Pour un trémolo meurtrier de 30 secondes, il faudra une décennie entière de reconstruction. La première rencontre qui s'est déroulée hier à Montréal a confirmé Haïti, pays dévasté mais volontaire, pour le commandement de cette renaissance. Il s'agissait d'une décision nécessaire, dans laquelle réside un formidable défi, tant pour Haïti que pour ses pays partenaires.

La «réunion de travail» — pour reprendre l'expression du premier ministre haïtien, Jean-Max Bellerive — qui s'est déroulée hier à Montréal a convenu qu'Haïti, malgré l'extraordinaire gageure que cela comporte, serait maître d'oeuvre de sa remise à neuf. Pour ce pays déjà affaibli, le défi est prodigieux, car, au-delà de la reconstruction matérielle, le gouvernement devra rassurer la population sur la solidité de ses bases. Voilà certes un domaine où, par le passé, il n'a pas particulièrement excellé.

Agglutinés autour du premier ministre Bellerive, les pays «amis d'Haïti» semblaient faire consensus sur l'importance de placer ce pays au coeur de sa reconstruction. Ils cautionnent le principe, dont la charge symbolique est grande, mais les «partenaires» semblent réticents à lâcher totalement les rênes. Haïti fut grevé par les dictatures, les conflits; sa démocratie est rapiécée, son économie faible; l'instabilité politique y règne encore, la corruption aussi. Le pays aura besoin du soutien de l'ONU, à qui l'on confie le rôle crucial de coordonnateur des opérations, pour se redessiner lui-même jusque dans sa gouvernance. Mais il faudra, avec l'apport de ses communautés d'ici et de là-bas, lui faire confiance.

Une autre pierre est importante dans ces nouvelles fondations, et il s'agit de l'engagement formulé par les «amis» de rester présents, même quand les caméras seront braquées sur un autre drame.

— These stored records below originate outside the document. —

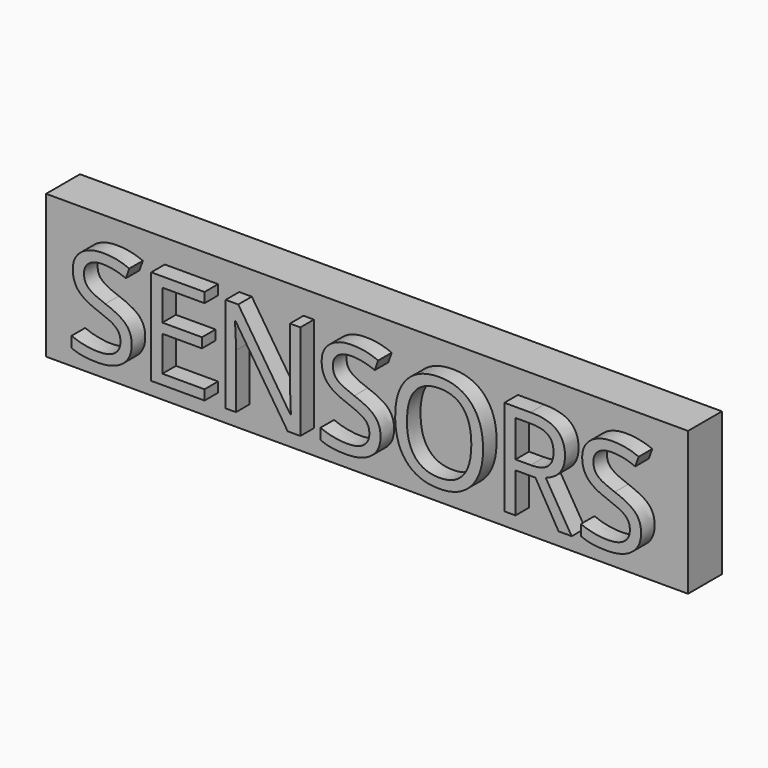
from build123d import *

# Parameters (mm, degrees)
F0_W         = 757.4373483658
F0_H         = 169.1906601191
F1_DEPTH     = 50
F2_TEXT_SIZE = 157.9731237143
F3_DEPTH     = 70


# Not quite as in the source:
# - Text() gives the source's letters only with a copy of the font that has no kerning and outlines rounded to 1/6400 em; it was checked with that copy


with BuildPart() as f1:
    # F0 (on Front) → F1 (new body)
    with BuildSketch(Plane.XZ):
        with Locations((378.7186741829, 84.5953300595)):
            Rectangle(F0_W, F0_H)
    extrude(amount=F1_DEPTH)

    # F2 (on Front) → F3 (join)
    with BuildSketch(Plane.XZ):
        with Locations((37.8743372858, 28.5236276686)):
            Text('SENSORS', F2_TEXT_SIZE, font='Open Sans', text_align=(TextAlign.LEFT, TextAlign.BOTTOM))
    extrude(amount=F3_DEPTH)


solid = f1.part
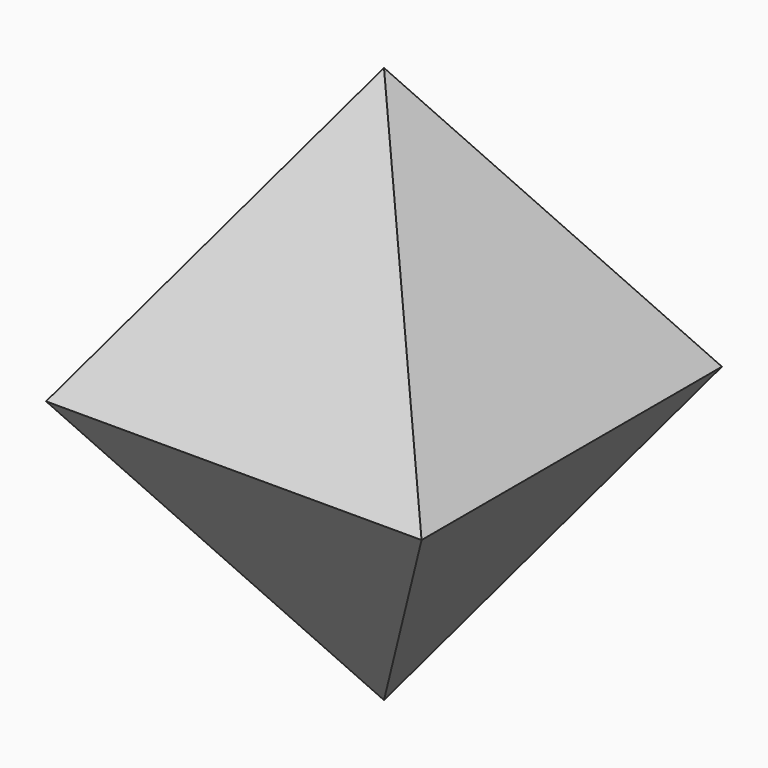
from build123d import *

# Parameters (mm, degrees)
F0_W      = 25.4
F0_H      = 25.4
F1_DEPTH  = 29.464
F1_TAPER  = 34
F1_FACE_W = 25.4
F1_FACE_H = 25.4


# Not quite as in the source:
# - an extrude whose draft closes it to a point is written as a loft to that point


with BuildPart() as f1:
    # F0 (on Top) → F1 (new body)
    with BuildSketch(Plane.XY):
        Rectangle(F0_W, F0_H)
    extrude(amount=F1_DEPTH, taper=F1_TAPER)

    # F1_face (on face) → F2 section 0
    with BuildSketch(Plane(origin=(0, 0, 0), x_dir=(1, 0, 0), z_dir=(0, 0, -1)), mode=Mode.PRIVATE) as f2_s0:
        Rectangle(F1_FACE_W, F1_FACE_H)
    loft([f2_s0.sketch, Vertex(0, 0, -18.8285243001)], ruled=True)


solid = f1.part

Dix ans.

Voilà l'échéancier minimal lié à cette feuille de route. Une prochaine rencontre — menée au siège social de l'ONU, à New York — aura lieu en mars pour préciser les besoins, qui seront mieux connus alors.

Le premier ministre haïtien a évoqué sa préférence pour le concept de «relance» plutôt que de «reconstruction». Il ne s'agit pas d'un caprice sémantique. Il évoque là le fait que le pays est à refaire avec bien plus que du béton. Au-delà des gravats à balayer, des entreprises, bâtiments publics, résidences, infrastructures à reconstruire, le pays doit connaître un nécessaire second souffle. Nation exsangue, Haïti était déjà au tapis bien avant ce énième cataclysme.

Dépendant des importations pour 40 % de son alimentation, le pays doit miser sur une économie alimentaire autonome — le soutien des États-Unis à l'agriculture est une bonne nouvelle, non seulement pour l'immédiat, car la saison des semis approche, mais aussi pour l'avenir. Ce renouveau est aussi l'occasion de miser sur l'éducation, que l'on sait le coeur du développement d'une nation. Ce sont des pas de géant qu'Haïti doit franchir là, car, avant la catastrophe, qui a détruit les écoles, 40 % des enfants n'allaient pas du tout en classe.

La «réunion de travail» d'hier ne changera rien aux immenses failles encore visibles dans l'aide d'urgence, dont doivent se prévaloir 400 000 familles haïtiennes sans abri. Mais elle ouvre la porte, pour le peuple, à un peu d'espoir dans cette infinie tragédie. Un «nouvel Haïti», dont le futur repose sur une organisation efficace, un soutien financier imposant et durable et des assises politiques plus solides.